We do a coop of sorts. A church allows us to use their children's area. The church allows to use like a girl scout group thus they are not in control so that they do not need a license. We try to keep it to a limit of ten children. We do it one day a week. It may soon go to two days a week. We have one worker who is paid and a mother works each week. This allows the moms to just work once every 2 months are less. Because of the constraints infants have on a group we try to limit to 2 years and above but have had children as young as 15 months. We run it from 9 to 2. We pay 5 dollars a week. This is a mandatory payment whether your child comes or not. It is the minimium amount required to pay our worker and we also give the church 5 dollars a month per family in the group. so if you have 8 familiesw inthe group you would give the church 40 dollars. The church did not ask for this we just do it. We pay as a contract labor our worker is responsible to pay any ss or income tax. we do not do w2's. We do not hold the church liable for any accidents either. We have never had any kind of accidens except for bumps. We have been doing this for about 5 years on and off as long as we can find the children. We have gone as high as 8 dollars when we had fewer children it is still cheaper than day care. Because most of us stay at home with our children and money is tight we do empahsis the need for sick children to remain at home. so as not to cause even more to have to miss. Try and get a hold of a day care centers book that they give out to their parents. We do use the rule if your child has had fever within 24 hours do not bring them. We really love it.

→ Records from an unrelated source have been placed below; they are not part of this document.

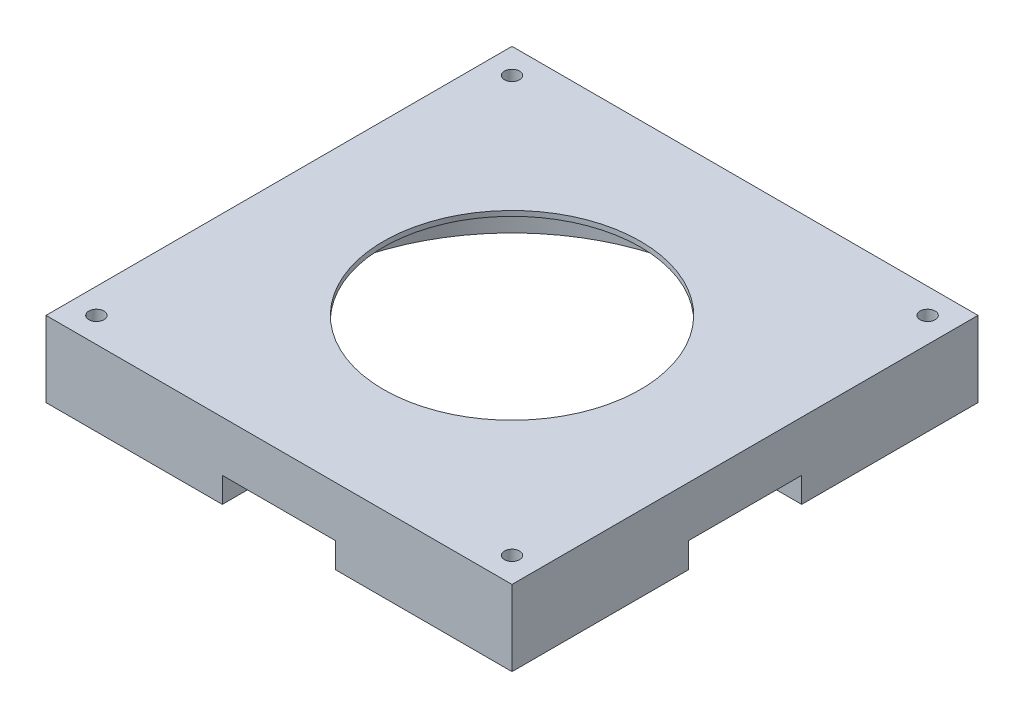
SolidWorks part; units mm, degrees
material "PE High Density"
ref_plane "Front Plane" through (0, 0, 0) normal (0, 0, 1) x (1, 0, 0)
ref_plane "Top Plane" through (0, 0, 0) normal (0, 1, 0) x (1, 0, 0)
ref_plane "Right Plane" through (0, 0, 0) normal (1, 0, 0) x (0, 0, -1)
sketch "Sketch1" plane through (0, 0, 0) normal (0, 0, 1) x (1, 0, 0)
  line L1 (51, -2) -> (82.5, -2)
  line L2 (82.5, -2) -> (82.5, -30)
  line L5 (82.5, -30) -> (85.5, -30)
  line L6 (85.5, -30) -> (85.5, 0)
  line L7 (85.5, 0) -> (51, 0)
  line L8 (51, -2) -> (51, 0)
  line L9 (0, 0) -> (51, 0) construction
  line L10 (0, 0) -> (0, -6.871) construction
  dimension "D1" = 3
  dimension "D3" = 2
  dimension "D5" = 30
  dimension "D6" = 82.5
  dimension "D7" = 51
revolve "Revolve1" add sketch "Sketch1" angle 360 about L10
sketch "Sketch2" plane through (0, -30, 0) normal (0, -1, 0) x (1, 0, 0)
  line L1 (-92.5, -92.5) -> (92.5, -92.5)
  line L2 (-92.5, -92.5) -> (-92.5, 92.5)
  line L3 (-92.5, 92.5) -> (92.5, 92.5)
  line L4 (92.5, -92.5) -> (92.5, 92.5)
  line L5 (-92.5, -92.5) -> (92.5, 92.5) construction
  line L6 (-92.5, 92.5) -> (92.5, -92.5) construction
  line L7 (-82.5, -82.5) -> (82.5, -82.5) construction
  line L8 (-82.5, -82.5) -> (-82.5, 82.5) construction
  line L9 (-82.5, 82.5) -> (82.5, 82.5) construction
  line L10 (82.5, -82.5) -> (82.5, 82.5) construction
  line L11 (-82.5, -82.5) -> (82.5, 82.5) construction
  line L12 (-82.5, 82.5) -> (82.5, -82.5) construction
  circle A0 centre (0, 0) radius 85.5
  circle A1 centre (0, 0) radius 85.5 construction
  circle A6 centre (-82.5, -82.5) radius 3
  circle A7 centre (82.5, -82.5) radius 3
  circle A8 centre (82.5, 82.5) radius 3
  circle A9 centre (-82.5, 82.5) radius 3
  dimension "D3" = 6
  dimension "D1" = 185
  dimension "D2" = 165
extrude "Boss-Extrude1" add sketch "Sketch2" against normal up to surface (30 mm away) up to face at (0, 0, 51)
sketch "Sketch3" plane through (-92.5, 0, 0) normal (-1, 0, 0) x (0, 0, 1)
  line L0 (92.5, -30) -> (-92.5, -30) construction
  line L1 (-22.5, -30) -> (22.5, -30)
  line L2 (-22.5, -30) -> (-22.5, -20)
  line L3 (-22.5, -20) -> (22.5, -20)
  line L4 (22.5, -30) -> (22.5, -20)
  line L5 (0, 0) -> (0, -20) construction
  line L6 (92.5, 0) -> (92.5, -30) construction
  dimension "D1" = 10
  dimension "D2" = 70
extrude "Cut-Extrude1" cut sketch "Sketch3" against normal through all
sketch "Sketch4" plane through (0, 0, -92.5) normal (0, 0, -1) x (-1, 0, 0)
  line L0 (92.5, -30) -> (-92.5, -30) construction
  line L1 (-22.5, -30) -> (22.5, -30)
  line L2 (-22.5, -30) -> (-22.5, -20)
  line L3 (-22.5, -20) -> (22.5, -20)
  line L4 (22.5, -30) -> (22.5, -20)
  line L5 (0, 0) -> (0, -20) construction
  line L6 (92.5, 0) -> (92.5, -30) construction
  dimension "D1" = 10
  dimension "D2" = 70
extrude "Cut-Extrude2" cut sketch "Sketch4" against normal through all

We have a babysitting coop in our neighborhood that has been running for at least 10+ years. It works on a point system; if you babysit for someone, you earn points. If you have someone babysits for you, you lose points. The idea is to stay close to 0. We currently have over 30 members in our coop; generally, if someone is negative in the point balance, you are to ask them to babysit first, so that they can come back closer to zero.
Anyway, it gets more complicated, but that's the gist of it. It's been a wonderful resource, and a great way to get to know neighbors and friends!
We don't have a co-op through the school but we have one through church. Each woman gets 4-5 kids alternating between Tuesdays and Thursdays and they run it like a daycare. Nobody pays but each takes their turn. If you don't take your turn, you're basically kicked out of it. It works very well and saves a lot of families money they don't have.
We are kicking this around also. There is a group of 8 of us that really would like to go to local town/school committee, finance committee etc. meetings. But it's tough to get out for all of these--we are considering rotating schedule and babysitting and updating the others on what is happening. Let me know if you are successful with yours.
Does anyone have any experience to share with setting up and running a babysitting cooperative, where parents take turns taking other parents children for a night, so that they can all get free babysitting. We are considering this as a mechanism for giving our parents some much-needed respite and also for giving them the opportunity for getting to PTO meetings and other school events. Any thoughts or suggestions welcome.